** TASK INPUTS follows **
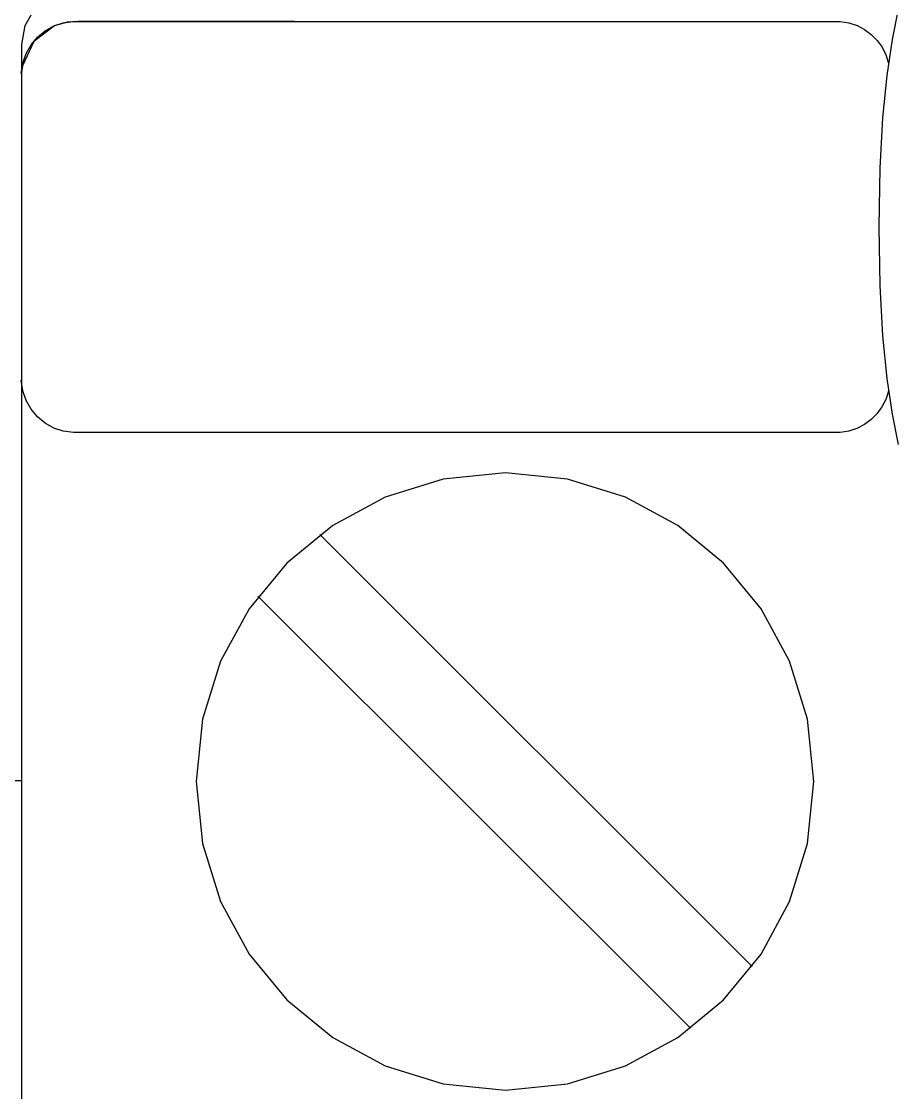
# Model space of a CAD drawing. Extents: x 1 to 47.7, y 0.2 to 35.
# Drawn here: x 34.958 to 35.43, y 7.166 to 7.747 of the extents above; entities that cross this region are included whole.
import ezdxf

# ---------------------------------------------------------------- set-up
doc = ezdxf.new("R2010")
doc.units = 0
doc.header["$MEASUREMENT"] = 0
for name, color, linetype in [('5_1___24__TARGET_LEDS___12', 7, 'CONTINUOUS'), ('6_1__EMPTY_IO_BOARD_POSITI', 7, 'CONTINUOUS'), ('6_2___8__INDEPENDENT_INPUT', 7, 'CONTINUOUS'), ('6_3___8__OPTOISO_INDEPENDE', 7, 'CONTINUOUS'), ('6_4___24__OPTOISO_INDEPEND', 7, 'CONTINUOUS'), ('6_5___8__INDEPENDENT_INPUT', 7, 'CONTINUOUS'), ('6_6___8__INDEPENDENT_INPUT', 7, 'CONTINUOUS'), ('6_7___8__OPTOISO_INDEPENDE', 7, 'CONTINUOUS'), ('6_8___8__OPTOISO_INDEPENDE', 7, 'CONTINUOUS')]:
    doc.layers.add(name, color=color, linetype=linetype)

msp = doc.modelspace()

# ---------------------------------------------------------------- linework, layer by layer
at = {"layer": '5_1___24__TARGET_LEDS___12'}
for points in [[(35.43313, 7.51733), (35.42978, 7.5337), (35.42689, 7.55316), (35.42463, 7.57623), (35.42316, 7.60344), (35.42263, 7.6353), (35.42316, 7.66716), (35.42463, 7.69436), (35.42689, 7.71742), (35.42978, 7.73688), (35.43313, 7.75326)], [(34.95781, 7.71835), (34.95864, 7.724), (34.96045, 7.72925), (34.96313, 7.73401), (34.96659, 7.73816), (34.97073, 7.7416), (34.97544, 7.74423), (34.98063, 7.74595), (34.98619, 7.74665), (34.99894, 7.74667), (35.03826, 7.74667), (35.09708, 7.74667), (35.16711, 7.74667), (35.24009, 7.74667), (35.30776, 7.74667), (35.36185, 7.74667), (35.39409, 7.74667), (35.40159, 7.74659), (35.40626, 7.74587), (35.41064, 7.74442), (35.41468, 7.7423), (35.41832, 7.73959), (35.42151, 7.73635), (35.42419, 7.73263), (35.42629, 7.72849), (35.42776, 7.72401)], [(35.10594, 7.74663), (35.10388, 7.74663), (35.09815, 7.74663), (35.08943, 7.74663), (35.0784, 7.74663), (35.02476, 7.74663), (35.00175, 7.74663), (34.99357, 7.74663), (34.98852, 7.74663), (34.98273, 7.74628), (34.97579, 7.74427), (34.96461, 7.73571), (34.95853, 7.72268), (34.95803, 7.71895), (34.95794, 7.71703), (34.95794, 7.7146), (34.95794, 7.70984), (34.95794, 7.70235), (34.95794, 7.69219), (34.95794, 7.67941), (34.95794, 7.66407), (34.95794, 7.64623), (34.95794, 7.62593), (34.95794, 7.60325), (34.95794, 7.57822), (34.95794, 7.55091), (34.95794, 7.52138), (34.95794, 7.48967), (34.95794, 7.45585), (34.95794, 7.41997), (34.95794, 7.38209), (34.95794, 7.34225), (34.95794, 7.25696), (34.95794, 7.16455)], [(35.42776, 7.54624), (35.42626, 7.5418), (35.42414, 7.53771), (35.42145, 7.53403), (35.41826, 7.53081), (35.41462, 7.52813), (35.41059, 7.52604), (35.40622, 7.52461), (35.40158, 7.52389), (35.39409, 7.52382), (35.36185, 7.52382), (35.30776, 7.52382), (35.24009, 7.52382), (35.16711, 7.52382), (35.09708, 7.52382), (35.03826, 7.52382), (34.99894, 7.52382), (34.98619, 7.52383), (34.98063, 7.52453), (34.97544, 7.52626), (34.97073, 7.52889), (34.96659, 7.53234), (34.96313, 7.53649), (34.96045, 7.54124), (34.95864, 7.5465), (34.95781, 7.55215)], [(35.35379, 7.2343), (35.11952, 7.46856)], [(35.32037, 7.20088), (35.0861, 7.43514)]]:
    msp.add_lwpolyline(points, dxfattribs=at)
msp.add_lwpolyline([(35.22013, 7.16729), (35.25382, 7.17069), (35.28518, 7.18045), (35.31356, 7.19588), (35.33829, 7.21632), (35.35868, 7.24109), (35.37408, 7.26954), (35.38381, 7.30097), (35.38721, 7.33472), (35.38381, 7.36842), (35.37408, 7.39981), (35.35868, 7.42822), (35.33829, 7.45298), (35.31356, 7.47341), (35.28518, 7.48883), (35.25382, 7.49858), (35.22013, 7.50198), (35.18643, 7.49858), (35.15501, 7.48883), (35.12657, 7.47341), (35.10178, 7.45298), (35.08132, 7.42822), (35.06586, 7.39981), (35.05609, 7.36842), (35.05268, 7.33472), (35.05609, 7.30097), (35.06586, 7.26954), (35.08132, 7.24109), (35.10178, 7.21632), (35.12657, 7.19588), (35.15501, 7.18045), (35.18643, 7.17069)], close=True, dxfattribs=at)
at = {"layer": '6_1__EMPTY_IO_BOARD_POSITI'}
msp.add_lwpolyline([(34.95817, 7.12121), (34.95817, 7.18969), (34.95817, 7.25486), (34.95817, 7.31657), (34.95817, 7.37467), (34.95817, 7.429), (34.95817, 7.47941), (34.95817, 7.52575), (34.95817, 7.56786), (34.95817, 7.60559), (34.95817, 7.63879), (34.95817, 7.6673), (34.95817, 7.69097), (34.95817, 7.70965), (34.95817, 7.72318), (34.95817, 7.73141), (34.95817, 7.73418), (34.96, 7.74447), (34.96505, 7.75324)], dxfattribs=at)
at = {"layer": '6_2___8__INDEPENDENT_INPUT'}
for points in [[(35.43313, 7.51733), (35.42978, 7.5337), (35.42689, 7.55316), (35.42463, 7.57623), (35.42316, 7.60344), (35.42263, 7.6353), (35.42316, 7.66716), (35.42463, 7.69436), (35.42689, 7.71742), (35.42978, 7.73688), (35.43313, 7.75326)], [(34.95781, 7.71835), (34.95864, 7.724), (34.96045, 7.72925), (34.96313, 7.73401), (34.96659, 7.73816), (34.97073, 7.7416), (34.97544, 7.74423), (34.98063, 7.74595), (34.98619, 7.74665), (34.99894, 7.74667), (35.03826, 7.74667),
** End of TASK INPUTS **
# EXERCISE DETAILS
Print each of the records above exactly as written, leaving no picture in the copy.

# RESPONSE TO THIS EXERCISE
# Model space of a CAD drawing. Extents: x 1 to 47.7, y 0.2 to 35.
# Drawn here: x 34.958 to 35.43, y 7.166 to 7.747 of the extents above; entities that cross this region are included whole.
import ezdxf

# ---------------------------------------------------------------- set-up
doc = ezdxf.new("R2010")
doc.units = 0
doc.header["$MEASUREMENT"] = 0
for name, color, linetype in [('5_1___24__TARGET_LEDS___12', 7, 'CONTINUOUS'), ('6_1__EMPTY_IO_BOARD_POSITI', 7, 'CONTINUOUS'), ('6_2___8__INDEPENDENT_INPUT', 7, 'CONTINUOUS'), ('6_3___8__OPTOISO_INDEPENDE', 7, 'CONTINUOUS'), ('6_4___24__OPTOISO_INDEPEND', 7, 'CONTINUOUS'), ('6_5___8__INDEPENDENT_INPUT', 7, 'CONTINUOUS'), ('6_6___8__INDEPENDENT_INPUT', 7, 'CONTINUOUS'), ('6_7___8__OPTOISO_INDEPENDE', 7, 'CONTINUOUS'), ('6_8___8__OPTOISO_INDEPENDE', 7, 'CONTINUOUS')]:
    doc.layers.add(name, color=color, linetype=linetype)

msp = doc.modelspace()

# ---------------------------------------------------------------- linework, layer by layer
at = {"layer": '5_1___24__TARGET_LEDS___12'}
for points in [[(35.43313, 7.51733), (35.42978, 7.5337), (35.42689, 7.55316), (35.42463, 7.57623), (35.42316, 7.60344), (35.42263, 7.6353), (35.42316, 7.66716), (35.42463, 7.69436), (35.42689, 7.71742), (35.42978, 7.73688), (35.43313, 7.75326)], [(34.95781, 7.71835), (34.95864, 7.724), (34.96045, 7.72925), (34.96313, 7.73401), (34.96659, 7.73816), (34.97073, 7.7416), (34.97544, 7.74423), (34.98063, 7.74595), (34.98619, 7.74665), (34.99894, 7.74667), (35.03826, 7.74667), (35.09708, 7.74667), (35.16711, 7.74667), (35.24009, 7.74667), (35.30776, 7.74667), (35.36185, 7.74667), (35.39409, 7.74667), (35.40159, 7.74659), (35.40626, 7.74587), (35.41064, 7.74442), (35.41468, 7.7423), (35.41832, 7.73959), (35.42151, 7.73635), (35.42419, 7.73263), (35.42629, 7.72849), (35.42776, 7.72401)], [(35.10594, 7.74663), (35.10388, 7.74663), (35.09815, 7.74663), (35.08943, 7.74663), (35.0784, 7.74663), (35.02476, 7.74663), (35.00175, 7.74663), (34.99357, 7.74663), (34.98852, 7.74663), (34.98273, 7.74628), (34.97579, 7.74427), (34.96461, 7.73571), (34.95853, 7.72268), (34.95803, 7.71895), (34.95794, 7.71703), (34.95794, 7.7146), (34.95794, 7.70984), (34.95794, 7.70235), (34.95794, 7.69219), (34.95794, 7.67941), (34.95794, 7.66407), (34.95794, 7.64623), (34.95794, 7.62593), (34.95794, 7.60325), (34.95794, 7.57822), (34.95794, 7.55091), (34.95794, 7.52138), (34.95794, 7.48967), (34.95794, 7.45585), (34.95794, 7.41997), (34.95794, 7.38209), (34.95794, 7.34225), (34.95794, 7.25696), (34.95794, 7.16455)], [(35.42776, 7.54624), (35.42626, 7.5418), (35.42414, 7.53771), (35.42145, 7.53403), (35.41826, 7.53081), (35.41462, 7.52813), (35.41059, 7.52604), (35.40622, 7.52461), (35.40158, 7.52389), (35.39409, 7.52382), (35.36185, 7.52382), (35.30776, 7.52382), (35.24009, 7.52382), (35.16711, 7.52382), (35.09708, 7.52382), (35.03826, 7.52382), (34.99894, 7.52382), (34.98619, 7.52383), (34.98063, 7.52453), (34.97544, 7.52626), (34.97073, 7.52889), (34.96659, 7.53234), (34.96313, 7.53649), (34.96045, 7.54124), (34.95864, 7.5465), (34.95781, 7.55215)], [(35.35379, 7.2343), (35.11952, 7.46856)], [(35.32037, 7.20088), (35.0861, 7.43514)]]:
    msp.add_lwpolyline(points, dxfattribs=at)
msp.add_lwpolyline([(35.22013, 7.16729), (35.25382, 7.17069), (35.28518, 7.18045), (35.31356, 7.19588), (35.33829, 7.21632), (35.35868, 7.24109), (35.37408, 7.26954), (35.38381, 7.30097), (35.38721, 7.33472), (35.38381, 7.36842), (35.37408, 7.39981), (35.35868, 7.42822), (35.33829, 7.45298), (35.31356, 7.47341), (35.28518, 7.48883), (35.25382, 7.49858), (35.22013, 7.50198), (35.18643, 7.49858), (35.15501, 7.48883), (35.12657, 7.47341), (35.10178, 7.45298), (35.08132, 7.42822), (35.06586, 7.39981), (35.05609, 7.36842), (35.05268, 7.33472), (35.05609, 7.30097), (35.06586, 7.26954), (35.08132, 7.24109), (35.10178, 7.21632), (35.12657, 7.19588), (35.15501, 7.18045), (35.18643, 7.17069)], close=True, dxfattribs=at)
at = {"layer": '6_1__EMPTY_IO_BOARD_POSITI'}
msp.add_lwpolyline([(34.95817, 7.12121), (34.95817, 7.18969), (34.95817, 7.25486), (34.95817, 7.31657), (34.95817, 7.37467), (34.95817, 7.429), (34.95817, 7.47941), (34.95817, 7.52575), (34.95817, 7.56786), (34.95817, 7.60559), (34.95817, 7.63879), (34.95817, 7.6673), (34.95817, 7.69097), (34.95817, 7.70965), (34.95817, 7.72318), (34.95817, 7.73141), (34.95817, 7.73418), (34.96, 7.74447), (34.96505, 7.75324)], dxfattribs=at)
at = {"layer": '6_2___8__INDEPENDENT_INPUT'}
for points in [[(35.43313, 7.51733), (35.42978, 7.5337), (35.42689, 7.55316), (35.42463, 7.57623), (35.42316, 7.60344), (35.42263, 7.6353), (35.42316, 7.66716), (35.42463, 7.69436), (35.42689, 7.71742), (35.42978, 7.73688), (35.43313, 7.75326)], [(34.95781, 7.71835), (34.95864, 7.724), (34.96045, 7.72925), (34.96313, 7.73401), (34.96659, 7.73816), (34.97073, 7.7416), (34.97544, 7.74423), (34.98063, 7.74595), (34.98619, 7.74665), (34.99894, 7.74667), (35.03826, 7.74667),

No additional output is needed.